Watching the DVD, it is incredible to me, the VAST amount of material presented and how the material was presented was also very notable.

So, what makes this DVD unique? For starters, the contributors to the instruction are all top-notch and recognized names in the martial arts world. Included here are presentations by Tuhon Roberto Torres, Tatang Bo Sayoc,
Tuhon Ray Dionaldo, Guro Ken Pannel, Guro Carl Atienza and Guro Kevin Blake, Tuhon Tom Kier, Tuhon Rafael Kayanan and Guro Steve Lefebrve.

I personally have viewed literally hundreds of martial arts training videos. The problem (in my opinion) about martial arts videos is that they are high on content of drills and techniques, but generally offer little in terms of application, concept or understanding of a system and its approach to development. All the presentations shown on this DVD are PACKED with application, theory, explanation, and the concepts stressed were emphasized.

Most training videos focus on a particular aspect of training usually, or will present a very general presentation of materials. Again, the Sama Sama DVD is unique, as the event itself is unique. Consider this... some of the materials presented on this DVD included: use and application of a sarong for combat, finger touch method, kerambit training, and Atienza Kali power development and demonstrations of sword methods, and use of the tomahawk (template and isolations). Each of these segments are very high quality presentations, and the amount of material presented in these segments were alot to digest.

I can say again without hesitation, that each of these segments could stand on its own as seperate training videos. The amazing thing is ... the great taste of the materials presented; without need for too much 'filling.' The diverse nature of the materials shown allowed the Sama Sama participants to learn and experience first hand so many different aspects of training. This DVD really brings home the experience for people less-fortunate than those of us who attended at a really bargain basement price.

I very much enjoyed the personal commentary and interviews that went hand in hand with individual segments of the training... these offer insight into how people got involved with Sayoc Kali, how they were positively influenced by their training, and how they have learned to accomplish great things having been a part of the growth and development of Sayoc Kali.

The DVD also is great in that it shows you the vast experience and background the instructors have in other arts, aside from Sayoc Kali. Clearly, when you have so many accomplished practitioners and instructors from other systems dedicating themselves to the training and pursuit of Sayoc Kali, that indicates how valuable they find our pursuits within the Sayoc Kali system to be.

Guro Steve Lefebrve (hope I spelled his name right) is shown performing a great spontaneous display and exhibition of skills using a wide variety of weapons.

Guro Ken Pannel demonstrated speed, fluidity, power and grace in his application of silat.
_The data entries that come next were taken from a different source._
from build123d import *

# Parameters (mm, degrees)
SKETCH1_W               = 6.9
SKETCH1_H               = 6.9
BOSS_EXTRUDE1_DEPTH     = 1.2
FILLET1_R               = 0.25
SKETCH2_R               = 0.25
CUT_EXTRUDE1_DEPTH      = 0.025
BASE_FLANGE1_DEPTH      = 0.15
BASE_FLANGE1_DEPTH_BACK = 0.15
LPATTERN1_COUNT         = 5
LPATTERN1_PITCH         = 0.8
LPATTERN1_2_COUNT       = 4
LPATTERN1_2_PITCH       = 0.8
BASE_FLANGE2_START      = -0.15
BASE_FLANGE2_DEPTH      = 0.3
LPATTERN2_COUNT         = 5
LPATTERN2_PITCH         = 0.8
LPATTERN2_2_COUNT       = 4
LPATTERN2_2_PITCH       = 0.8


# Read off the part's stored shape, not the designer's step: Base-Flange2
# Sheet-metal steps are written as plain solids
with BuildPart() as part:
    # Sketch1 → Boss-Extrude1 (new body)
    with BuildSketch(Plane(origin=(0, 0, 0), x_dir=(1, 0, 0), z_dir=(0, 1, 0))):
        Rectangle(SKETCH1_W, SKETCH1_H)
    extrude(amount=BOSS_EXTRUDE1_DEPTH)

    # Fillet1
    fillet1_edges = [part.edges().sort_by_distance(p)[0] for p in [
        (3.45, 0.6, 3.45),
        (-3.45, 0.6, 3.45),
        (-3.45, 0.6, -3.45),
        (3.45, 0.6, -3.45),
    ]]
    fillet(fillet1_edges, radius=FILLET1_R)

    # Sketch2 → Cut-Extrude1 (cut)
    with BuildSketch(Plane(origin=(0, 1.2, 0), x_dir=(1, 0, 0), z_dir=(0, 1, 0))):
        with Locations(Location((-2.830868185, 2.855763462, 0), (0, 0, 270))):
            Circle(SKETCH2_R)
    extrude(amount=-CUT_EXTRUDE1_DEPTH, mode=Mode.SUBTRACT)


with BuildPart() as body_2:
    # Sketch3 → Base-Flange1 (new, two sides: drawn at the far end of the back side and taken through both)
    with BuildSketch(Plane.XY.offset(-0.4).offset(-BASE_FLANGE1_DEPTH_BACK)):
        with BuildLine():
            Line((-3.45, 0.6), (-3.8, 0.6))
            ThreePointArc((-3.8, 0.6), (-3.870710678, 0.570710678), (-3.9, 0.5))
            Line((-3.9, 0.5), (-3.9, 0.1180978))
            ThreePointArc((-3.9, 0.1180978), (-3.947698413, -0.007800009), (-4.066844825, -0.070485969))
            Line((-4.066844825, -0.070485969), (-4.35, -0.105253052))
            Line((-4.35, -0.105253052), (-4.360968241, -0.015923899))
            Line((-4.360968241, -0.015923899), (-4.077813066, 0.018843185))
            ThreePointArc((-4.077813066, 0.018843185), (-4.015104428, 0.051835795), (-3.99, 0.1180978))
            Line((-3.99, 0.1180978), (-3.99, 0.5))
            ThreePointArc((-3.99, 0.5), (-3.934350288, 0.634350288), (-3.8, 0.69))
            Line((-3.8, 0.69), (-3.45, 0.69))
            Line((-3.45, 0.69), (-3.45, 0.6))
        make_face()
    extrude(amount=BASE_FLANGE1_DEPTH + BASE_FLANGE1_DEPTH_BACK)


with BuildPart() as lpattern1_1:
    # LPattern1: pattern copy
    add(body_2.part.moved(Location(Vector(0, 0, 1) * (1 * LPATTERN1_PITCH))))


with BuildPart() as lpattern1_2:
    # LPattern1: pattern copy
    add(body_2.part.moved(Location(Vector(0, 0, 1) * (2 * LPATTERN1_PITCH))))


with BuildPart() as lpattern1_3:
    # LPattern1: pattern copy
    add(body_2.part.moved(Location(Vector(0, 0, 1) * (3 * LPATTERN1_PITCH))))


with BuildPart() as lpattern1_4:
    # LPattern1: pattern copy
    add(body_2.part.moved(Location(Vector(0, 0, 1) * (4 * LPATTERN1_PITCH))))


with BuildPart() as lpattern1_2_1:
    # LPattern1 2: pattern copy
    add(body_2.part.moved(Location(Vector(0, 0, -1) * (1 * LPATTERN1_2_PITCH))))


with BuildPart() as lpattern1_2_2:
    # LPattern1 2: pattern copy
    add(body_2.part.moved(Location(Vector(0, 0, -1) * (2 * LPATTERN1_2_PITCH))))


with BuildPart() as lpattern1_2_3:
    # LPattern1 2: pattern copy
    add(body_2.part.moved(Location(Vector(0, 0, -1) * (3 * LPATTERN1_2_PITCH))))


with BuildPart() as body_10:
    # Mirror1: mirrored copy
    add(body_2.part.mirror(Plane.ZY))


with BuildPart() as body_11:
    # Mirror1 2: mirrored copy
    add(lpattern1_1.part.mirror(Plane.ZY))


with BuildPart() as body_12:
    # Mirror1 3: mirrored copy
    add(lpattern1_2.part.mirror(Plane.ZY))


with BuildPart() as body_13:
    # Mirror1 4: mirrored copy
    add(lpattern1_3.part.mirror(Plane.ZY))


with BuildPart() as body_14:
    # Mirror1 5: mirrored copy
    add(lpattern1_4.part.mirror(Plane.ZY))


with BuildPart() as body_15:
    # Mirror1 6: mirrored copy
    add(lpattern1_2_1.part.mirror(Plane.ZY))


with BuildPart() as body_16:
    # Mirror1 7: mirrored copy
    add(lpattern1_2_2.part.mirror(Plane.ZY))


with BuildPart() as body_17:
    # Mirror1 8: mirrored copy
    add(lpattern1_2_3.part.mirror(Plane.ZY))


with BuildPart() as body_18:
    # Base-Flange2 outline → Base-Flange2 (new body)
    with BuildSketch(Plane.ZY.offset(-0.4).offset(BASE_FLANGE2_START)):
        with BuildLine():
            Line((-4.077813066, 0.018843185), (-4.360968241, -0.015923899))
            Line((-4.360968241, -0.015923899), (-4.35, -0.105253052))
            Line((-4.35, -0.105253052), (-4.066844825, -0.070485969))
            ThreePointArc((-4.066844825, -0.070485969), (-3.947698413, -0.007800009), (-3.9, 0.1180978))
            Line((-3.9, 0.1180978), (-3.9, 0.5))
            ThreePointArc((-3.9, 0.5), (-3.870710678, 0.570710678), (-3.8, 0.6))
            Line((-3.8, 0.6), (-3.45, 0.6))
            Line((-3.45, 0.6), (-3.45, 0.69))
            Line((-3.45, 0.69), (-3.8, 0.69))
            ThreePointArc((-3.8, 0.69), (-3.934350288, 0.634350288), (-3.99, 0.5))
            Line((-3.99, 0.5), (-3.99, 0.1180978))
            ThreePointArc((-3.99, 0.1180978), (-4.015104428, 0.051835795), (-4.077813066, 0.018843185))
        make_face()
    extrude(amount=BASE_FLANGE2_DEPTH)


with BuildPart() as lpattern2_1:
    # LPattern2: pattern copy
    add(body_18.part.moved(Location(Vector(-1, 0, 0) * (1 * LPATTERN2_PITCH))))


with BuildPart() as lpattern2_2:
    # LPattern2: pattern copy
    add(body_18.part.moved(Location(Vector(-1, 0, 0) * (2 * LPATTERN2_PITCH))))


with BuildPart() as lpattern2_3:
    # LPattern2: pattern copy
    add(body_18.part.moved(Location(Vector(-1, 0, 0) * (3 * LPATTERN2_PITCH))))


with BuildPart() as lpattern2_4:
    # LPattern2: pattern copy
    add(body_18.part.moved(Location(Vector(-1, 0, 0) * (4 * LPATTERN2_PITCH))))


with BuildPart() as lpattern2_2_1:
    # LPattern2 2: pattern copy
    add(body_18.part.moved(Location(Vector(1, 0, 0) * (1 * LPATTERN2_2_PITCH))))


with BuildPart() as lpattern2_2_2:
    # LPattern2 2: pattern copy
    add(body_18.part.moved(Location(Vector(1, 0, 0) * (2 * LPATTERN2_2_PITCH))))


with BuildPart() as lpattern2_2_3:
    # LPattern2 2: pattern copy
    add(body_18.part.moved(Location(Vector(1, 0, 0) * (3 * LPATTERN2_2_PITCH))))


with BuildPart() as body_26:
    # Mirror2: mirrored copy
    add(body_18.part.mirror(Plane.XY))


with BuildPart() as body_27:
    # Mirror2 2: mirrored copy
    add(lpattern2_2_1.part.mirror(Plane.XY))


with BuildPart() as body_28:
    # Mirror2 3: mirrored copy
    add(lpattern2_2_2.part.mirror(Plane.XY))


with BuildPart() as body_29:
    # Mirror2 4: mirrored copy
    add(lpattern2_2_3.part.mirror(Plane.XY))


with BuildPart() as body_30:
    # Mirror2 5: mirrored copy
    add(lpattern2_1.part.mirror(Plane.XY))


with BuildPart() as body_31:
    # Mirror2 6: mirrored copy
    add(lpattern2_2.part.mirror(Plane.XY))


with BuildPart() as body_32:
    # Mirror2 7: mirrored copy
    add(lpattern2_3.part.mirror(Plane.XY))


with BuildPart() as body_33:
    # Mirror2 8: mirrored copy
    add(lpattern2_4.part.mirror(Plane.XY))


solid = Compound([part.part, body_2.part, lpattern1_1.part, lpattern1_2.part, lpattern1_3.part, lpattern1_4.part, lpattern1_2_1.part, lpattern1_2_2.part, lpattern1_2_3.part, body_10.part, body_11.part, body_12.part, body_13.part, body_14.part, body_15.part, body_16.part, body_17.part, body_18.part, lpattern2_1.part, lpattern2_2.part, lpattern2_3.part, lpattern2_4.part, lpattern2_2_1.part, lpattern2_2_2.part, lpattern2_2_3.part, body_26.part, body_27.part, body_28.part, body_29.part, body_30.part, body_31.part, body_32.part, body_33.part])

Tuhon Ray Dionaldo, continues to amaze me. I've watched him countless times doing his Kerambit training... have attended training with him in 4 different states, and each time, he always has new materials to present, explain and pass onto all of us.

Something else that is amazing is... the DVD obviously is edited... because at Sama Sama itself, there were so many other materials presented. But it's hard to include all of that in this DVD, so MANY things were not shown on this DVD that were shown at the event. Such as Tuhon Ray demonstrating stick work, and Tuhon Roberto Torres demonstrating his Talio Boxing method, etc.

What I also liked very much was some of the other activities all the participants engaged in during Sama Sama. Peoples' enthusiasm, laughter, and fun are very obvious and very evident.

To sum it up... this is the BEST martial arts DVD i've ever watched. I know, it might seem biased, since it's coming from me, but... I truly believe if you watch this DVD you will have a similar appreciation for the material presented on here that I do. Hey!! When was the last time, any of you have seen whip work, tomahawk work, sarong work, kerambit training, finger touch, and so on?? All on ONE DVD??? 

Try it, you'll like it. Get a feel for the experience of Sayoc Kali.

Guro Jeff


----------